The next day we left Maputo again after stopping at a big mall to stock up on groceries and drinks. We wanted to continue to some loney beaches further up north along the coast. Our next destination therefore was Tofo, where Tom intended to go on some dives at a diving center a friend had recommended to us. We had to make a stop in between though, because the distances in Mozambique are quite far. Even though it looks like a short stretch on the map from Maputo to Tofo, it takes a lot of time to get from one point to another.

So we camped at Nhambavale Lodge for one night, which is located at a nice lagoon. We just arrived in time for sunset, and when we started to cook shortly after, we were disturbed by some weird spiders which were running around the floor. Apparently, they started hunting after dark. I do feel like I have lost many fears along this trip through Africa - a spider in the shower I can handle (as long as they stay in the web and don’t move too much), and even frogs (a huge fear of mine) do not have to listen to me screaming around anymore, but these spiders definitely were too much for me to handle after one ran straight over my bare foot. They were easily the size of my hand and they were very fast.
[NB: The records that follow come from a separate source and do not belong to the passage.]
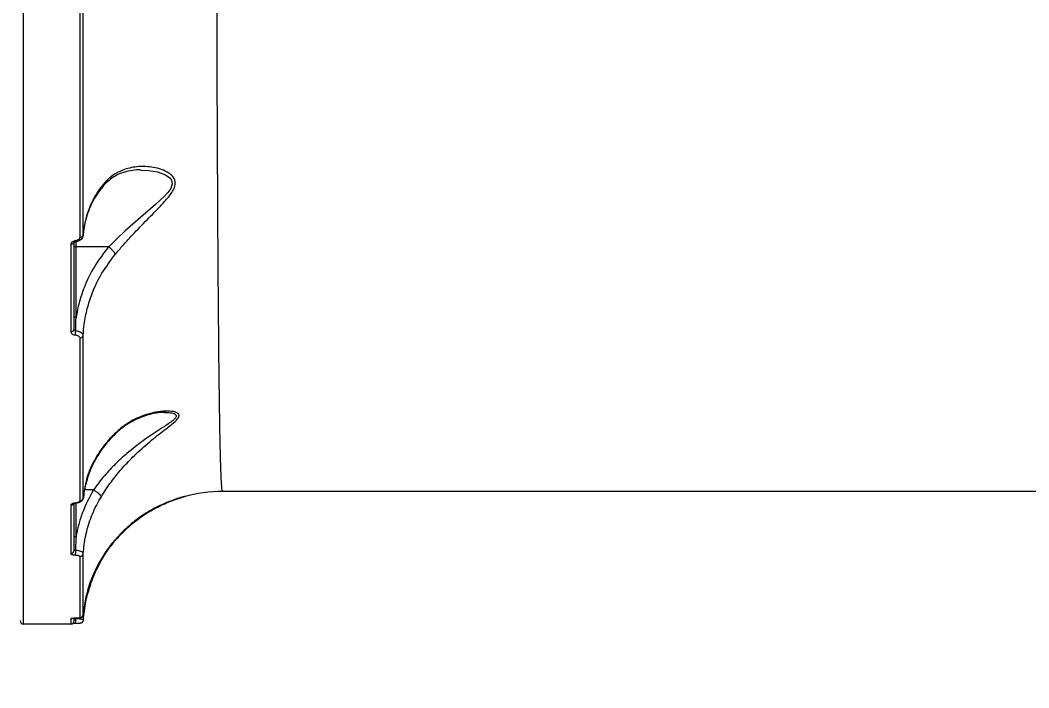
# Model space of a CAD drawing. Header units: millimetres. Extents: x -5517 to 6387, y -5295 to 6147.
# Drawn here: x 1744.4 to 2033.5, y 1059 to 1250.3 of the extents above; entities that cross this region are included whole.
import ezdxf

# ---------------------------------------------------------------- set-up
doc = ezdxf.new("R2010")
doc.units = ezdxf.units.MM
for name, color, linetype in [('DIKOM_ОБЪЕКТ', 7, 'Continuous'), ('DIKOM_РАЗМЕР_ЗОНА', 7, 'Continuous'), ('DIKOM_РАЗМЕР_ОБЪЕКТА', 7, 'Continuous')]:
    doc.layers.add(name, color=color, linetype=linetype)
doc.styles.add('style1', font='arial.ttf', dxfattribs={"width": 0.8})
doc.dimstyles.new('1-50', dxfattribs={"dimtxt": 300, "dimasz": 200, "dimexe": 100, "dimexo": 0, "dimgap": 100, "dimtad": 1, "dimtxsty": 'style1', "dimcen": 200, "dimclrd": 7, "dimclre": 7, "dimclrt": 7, "dimadec": 1, "dimazin": 2, "dimtfac": 1, "dimtmove": 0, "dimatfit": 2, "dimfxl": 0, "dimlwd": 25, "dimlwe": 18, "dimarcsym": 0})

# ---------------------------------------------------------------- blocks, each defined once
blk = doc.blocks.new('*D0')
at = {"layer": 'Defpoints', "color": 0, "transparency": 16777216}
for p in [(3079.07, 4135.26), (-4405.35, -2652.69), (-1397.56, -2652.69)]:
    blk.add_point(p, dxfattribs=at)
at = {"layer": 'DIKOM_РАЗМЕР_ОБЪЕКТА', "color": 7, "lineweight": 18, "transparency": 16777216}
for p, q in [((3079.07, 4135.26), (-4505.35, 4135.26)), ((-1397.56, -2652.69), (-4505.35, -2652.69))]:
    blk.add_line(p, q, dxfattribs=at)
at = {"layer": 'DIKOM_РАЗМЕР_ОБЪЕКТА', "color": 7, "lineweight": 25, "transparency": 16777216}
blk.add_line((-4405.35, 3935.26), (-4405.35, -2452.69), dxfattribs=at)
at = {"layer": 'DIKOM_РАЗМЕР_ОБЪЕКТА', "color": 7, "transparency": 16777216}
for points in [[(-4438.68, 3935.26), (-4372.02, 3935.26), (-4405.35, 4135.26)], [(-4438.68, -2452.69), (-4372.02, -2452.69), (-4405.35, -2652.69)]]:
    blk.add_solid(points, dxfattribs=at)
at = {"layer": 'DIKOM_РАЗМЕР_ОБЪЕКТА', "color": 7, "transparency": 16777216, "insert": (-4658.52, 741.29), "char_height": 300, "attachment_point": 5, "rotation": 90, "style": 'style1'}
blk.add_mtext('6800', dxfattribs=at)
blk = doc.blocks.new('*D1')
at = {"layer": 'Defpoints', "color": 0, "transparency": 16777216}
for p in [(2817.72, 6146.72), (-5067.27, -4152.08), (-1897.56, -4152.08)]:
    blk.add_point(p, dxfattribs=at)
at = {"layer": 'DIKOM_РАЗМЕР_ЗОНА', "color": 7, "lineweight": 18, "transparency": 16777216}
for p, q in [((2817.72, 6146.72), (-5167.27, 6146.72)), ((-1897.56, -4152.08), (-5167.27, -4152.08))]:
    blk.add_line(p, q, dxfattribs=at)
at = {"layer": 'DIKOM_РАЗМЕР_ЗОНА', "color": 7, "lineweight": 25, "transparency": 16777216}
blk.add_line((-5067.27, 5946.72), (-5067.27, -3952.08), dxfattribs=at)
at = {"layer": 'DIKOM_РАЗМЕР_ЗОНА', "color": 7, "transparency": 16777216}
for points in [[(-5100.61, 5946.72), (-5033.94, 5946.72), (-5067.27, 6146.72)], [(-5100.61, -3952.08), (-5033.94, -3952.08), (-5067.27, -4152.08)]]:
    blk.add_solid(points, dxfattribs=at)
at = {"layer": 'DIKOM_РАЗМЕР_ЗОНА', "color": 7, "transparency": 16777216, "insert": (-5320.45, 939.42), "char_height": 300, "attachment_point": 5, "rotation": 90, "style": 'style1'}
blk.add_mtext('10200', dxfattribs=at)
blk = doc.blocks.new('*D2')
at = {"layer": 'Defpoints', "color": 0, "transparency": 16777216}
for p in [(4491.49, 3838.97), (-2445.56, 374.31), (4491.49, -4687.8)]:
    blk.add_point(p, dxfattribs=at)
at = {"layer": 'DIKOM_РАЗМЕР_ОБЪЕКТА', "color": 7, "lineweight": 18, "transparency": 16777216}
for p, q in [((4491.49, 3838.97), (4491.49, -4787.8)), ((-2445.56, 374.31), (-2445.56, -4787.8))]:
    blk.add_line(p, q, dxfattribs=at)
at = {"layer": 'DIKOM_РАЗМЕР_ОБЪЕКТА', "color": 7, "lineweight": 25, "transparency": 16777216}
blk.add_line((-2245.56, -4687.8), (4291.49, -4687.8), dxfattribs=at)
at = {"layer": 'DIKOM_РАЗМЕР_ОБЪЕКТА', "color": 7, "transparency": 16777216}
for points in [[(-2245.56, -4654.47), (-2245.56, -4721.14), (-2445.56, -4687.8)], [(4291.49, -4654.47), (4291.49, -4721.14), (4491.49, -4687.8)]]:
    blk.add_solid(points, dxfattribs=at)
at = {"layer": 'DIKOM_РАЗМЕР_ОБЪЕКТА', "color": 7, "transparency": 16777216, "insert": (1022.97, -4434.63), "char_height": 300, "attachment_point": 5, "style": 'style1'}
blk.add_mtext('6900', dxfattribs=at)
blk = doc.blocks.new('*D3')
at = {"layer": 'Defpoints', "color": 0, "transparency": 16777216}
for p in [(6386.85, 4728.17), (-4131.44, -152.69), (6386.85, -5195.35)]:
    blk.add_point(p, dxfattribs=at)
at = {"layer": 'DIKOM_РАЗМЕР_ЗОНА', "color": 7, "lineweight": 18, "transparency": 16777216}
for p, q in [((6386.85, 4728.17), (6386.85, -5295.35)), ((-4131.44, -152.69), (-4131.44, -5295.35))]:
    blk.add_line(p, q, dxfattribs=at)
at = {"layer": 'DIKOM_РАЗМЕР_ЗОНА', "color": 7, "lineweight": 25, "transparency": 16777216}
blk.add_line((-3931.44, -5195.35), (6186.85, -5195.35), dxfattribs=at)
at = {"layer": 'DIKOM_РАЗМЕР_ЗОНА', "color": 7, "transparency": 16777216}
for points in [[(-3931.44, -5162.02), (-3931.44, -5228.69), (-4131.44, -5195.35)], [(6186.85, -5162.02), (6186.85, -5228.69), (6386.85, -5195.35)]]:
    blk.add_solid(points, dxfattribs=at)
at = {"layer": 'DIKOM_РАЗМЕР_ЗОНА', "color": 7, "transparency": 16777216, "insert": (1127.71, -4942.18), "char_height": 300, "attachment_point": 5, "style": 'style1'}
blk.add_mtext('10500', dxfattribs=at)

msp = doc.modelspace()

# ---------------------------------------------------------------- linework, layer by layer
at = {"layer": 'DIKOM_ОБЪЕКТ', "color": 7, "linetype": 'Continuous', "lineweight": 15}
for p, q in [((1760.326, 1186.819), (1760.324, 1186.819)), ((1760.442, 1185.343), (1760.442, 1186.738)), ((1769.774, 1185.343), (1760.442, 1185.343)), ((1760.442, 1165.143), (1760.442, 1185.343)), ((1785.832, 1137.882), (1786.053, 1137.876)), ((1765.44, 1115.727), (1762.925, 1115.727)), ((2100.499, 1115.311), (1802.458, 1115.311)), ((1760.442, 1102.221), (1760.442, 1111.901)), ((1760.371, 1098.369), (1760.442, 1102.221)), ((1745.442, 1077.441), (1745.442, 1077.438)), ((1758.945, 1077.311), (1745.442, 1077.311))]:
    msp.add_line(p, q, dxfattribs=at)
at = {"layer": 'DIKOM_ОБЪЕКТ', "color": 7, "linetype": 'Continuous', "lineweight": 15, "flags": 128}
for points in [[(1778.905, 1207.284), (1781.306, 1207.247), (1783.79, 1206.79), (1786.062, 1205.941), (1787.294, 1205.085), (1787.795, 1204.428), (1788.02, 1203.379), (1787.584, 1202.056), (1786.75, 1200.875), (1785.684, 1199.725), (1783.214, 1197.458), (1778.879, 1193.744), (1774.512, 1189.902), (1772.108, 1187.639), (1769.806, 1185.343), (1769.799, 1185.336), (1769.799, 1185.336)], [(1760.442, 1165.143), (1760.345, 1165.146), (1760.251, 1165.156), (1760.165, 1165.172), (1760.089, 1165.194), (1760.027, 1165.221), (1759.981, 1165.251), (1759.952, 1165.284), (1759.942, 1165.318)], [(1760.3, 1111.878), (1760.288, 1111.881), (1760.266, 1111.907), (1760.244, 1111.958)], [(1760.442, 1102.221), (1760.345, 1102.224), (1760.251, 1102.234), (1760.165, 1102.25), (1760.089, 1102.272), (1760.027, 1102.299), (1759.981, 1102.329), (1759.952, 1102.362), (1759.942, 1102.396)]]:
    msp.add_lwpolyline(points, dxfattribs=at)
at = {"layer": 'DIKOM_ОБЪЕКТ', "color": 7, "linetype": 'Continuous', "lineweight": 15}
for centre, radius, start, end in [((1761.602, 1189), 0.913, 263.78324, 346.83663), ((1759.043, 1187.005), 0.945, 264.47758, 338.99689), ((1760.63, 1187.085), 0.406, 181.509, 220.97071), ((1759.034, 1161.932), 0.915, 264.78865, 353.04672), ((1753.975, 1161.409), 6.398, 348.22868, 358.54856), ((1761.581, 1160.135), 0.929, 265.43129, 349.90069), ((1761.548, 1113.54), 0.966, 268.18794, 353.93396), ((1802.442, 1075.312), 39.999, 90.00204, 106.01829), ((1758.954, 1112.364), 1.028, 269.68898, 321.88972), ((1758.966, 1098.5), 0.977, 268.89272, 358.56091), ((1756.178, 1098.164), 4.197, 344.97759, 2.80166), ((1761.539, 1097.613), 0.981, 269.10616, 355.03881), ((1745.442, 1078.311), 1, 182.4002, 269.10357), ((1758.942, 1078.311), 1, 269.12987, 0.00042), ((1758.943, 1079.803), 1.003, 270.07652, 297.73921), ((1758.014, 1078.382), 2.395, 337.58759, 10.2672), ((1761.542, 1080.117), 0.998, 269.99951, 355.91437)]:
    msp.add_arc(centre, radius, start, end, dxfattribs=at)
for points, knots in [([(1745.442, 1077.438), (1745.442, 1077.401), (1745.443, 1077.222), (1745.443, 1078.245), (1745.443, 1080.571), (1745.443, 1084.317), (1745.443, 1089.307), (1745.443, 1095.506), (1745.443, 1103.004), (1745.443, 1111.836), (1745.443, 1122.001), (1745.443, 1133.275), (1745.443, 1145.594), (1745.443, 1158.872), (1745.443, 1173.324), (1745.443, 1188.951), (1745.443, 1205.726), (1745.443, 1223.28), (1745.443, 1241.533), (1745.443, 1260.394), (1745.443, 1280.171), (1745.443, 1300.832), (1745.443, 1322.325), (1745.443, 1343.254), (1745.443, 1363.461), (1745.443, 1382.831), (1745.443, 1402.536), (1745.443, 1422.528), (1745.443, 1442.588), (1745.443, 1462.619), (1745.443, 1480.487), (1745.443, 1491.73), (1745.443, 1496.309)], [0, 0, 0, 0, 0.0094891, 0.0458484, 0.0822376, 0.1185971, 0.1539303, 0.1892906, 0.2246239, 0.2609832, 0.2973724, 0.3337318, 0.3690652, 0.4044254, 0.4397586, 0.4761181, 0.5125071, 0.5488666, 0.5841998, 0.6195603, 0.6548934, 0.6912527, 0.7276419, 0.7640013, 0.7947536, 0.8255418, 0.85633, 0.88741, 0.91849, 0.9487827, 0.9791441, 1, 1, 1, 1]), ([(1802.444, 1115.41), (1802.407, 1115.422), (1802.316, 1115.452), (1802.181, 1116.795), (1802.038, 1119.331), (1801.902, 1123.11), (1801.773, 1128.124), (1801.652, 1134.399), (1801.54, 1141.785), (1801.437, 1150.226), (1801.341, 1159.646), (1801.251, 1170.207), (1801.167, 1181.924), (1801.088, 1194.782), (1801.017, 1208.487), (1800.951, 1222.969), (1800.892, 1238.143), (1800.837, 1254.269), (1800.786, 1271.33), (1800.74, 1289.29), (1800.702, 1306.538), (1800.671, 1322.859), (1800.645, 1338.132), (1800.622, 1353.762), (1800.601, 1369.696), (1800.583, 1385.858), (1800.568, 1402.262), (1800.554, 1418.892), (1800.548, 1430.135), (1800.545, 1435.757)], [0, 0, 0, 0, 0.0268284, 0.066384, 0.1059702, 0.1455256, 0.1862365, 0.2269809, 0.2676915, 0.3071163, 0.3465717, 0.3859964, 0.4265714, 0.4671796, 0.5077547, 0.5470858, 0.5864472, 0.6257786, 0.6662558, 0.7067662, 0.7472434, 0.7786604, 0.8100774, 0.8417451, 0.8734128, 0.904933, 0.936453, 0.9682265, 1, 1, 1, 1]), ([(1761.499, 1254.739), (1761.499, 1248.786), (1761.5, 1236.881), (1761.501, 1219.876), (1761.502, 1203.475), (1761.503, 1193.22), (1761.504, 1188.093)], [0, 0, 0, 0, 0.2485953, 0.4971903, 0.7485953, 1, 1, 1, 1]), ([(1762.492, 1188.792), (1762.491, 1193.85), (1762.49, 1203.967), (1762.488, 1220.255), (1762.487, 1237.273), (1762.486, 1249.284), (1762.485, 1255.29)], [0, 0, 0, 0, 0.2485946, 0.4971896, 0.7485953, 1, 1, 1, 1]), ([(1771.711, 1183.214), (1772.427, 1184.059), (1773.86, 1185.752), (1776.72, 1188.911), (1780.293, 1192.59), (1783.901, 1196.218), (1786.366, 1198.864), (1787.722, 1200.609), (1788.566, 1202.022), (1788.977, 1203.444), (1788.739, 1204.722), (1788.037, 1205.719), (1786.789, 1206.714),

When I tried to look at one more closely with my head torch on, the thing ran straight towards me (probably following the light) - however, I was out this time. I managed to sit and eat while keeping my feet off the ground (praying that these creatures do not know how to jump) and I went straight to bed after dinner, ready to leave this place the next day. Before we left, we went for a drive along the beach close to Nhambavale Lodge, where we first got stuck in the deep sand, but after deflating our tires, we got out easily and enjoyed the ride in the sand a lot.

Barbara and Urs wanted to check out a campsite on the northern beaches of Tofo, while Tom and I decided to stay at the Mozambeat backpackers. Eventhough this place is not located directly at the beach and therefore does not offer a beach campsite, they have a very nice pool area and bar/restaurant to chill. They also offer special deals together with the Peri Peri dive center, where Tom wanted to dive, so we decided to stay.

We were warmly welcomed by Ray, the owner of Mozambeat, when we arrived in Tofo. Tom went straight to the dive center to schedule some dives for the upcoming days. On the way back to the hostel, we bought some fresh fish from the local fishermen and made a little braai at the hostel. We enjoyed our time at Mozambeat a lot and ended up staying for 5 nights. Tom went on a few dives and got to see mantas and even whalesharks while I enjoyed some yoga classes at the place next door, strolls along the beach and reading some books. Furthermore, we enjoyed the company of the other guests a lot. It was quite a cool mix of people from all over the world staying at Mozambeat. We had a few spontaneous parties and after they saw Tom and me braaing the local fish on the first night, one after the other asked if they could join us for the next day. So by our last night, we were a group of ten people and bought a whole 7kg baracuda to cook on the braai; we had a blast.

Barbara and Urs enjoyed the more quiet time in the north of Tofo, and since we did not know, if we would meet them again before they would drive to Malawi and we would continue to Zimbabwe, we also made plans to have another dinner together. We met with them at Sumi, a very delicious Japanese restaurant in Tofo town and enjoyed a very nice evening together with them.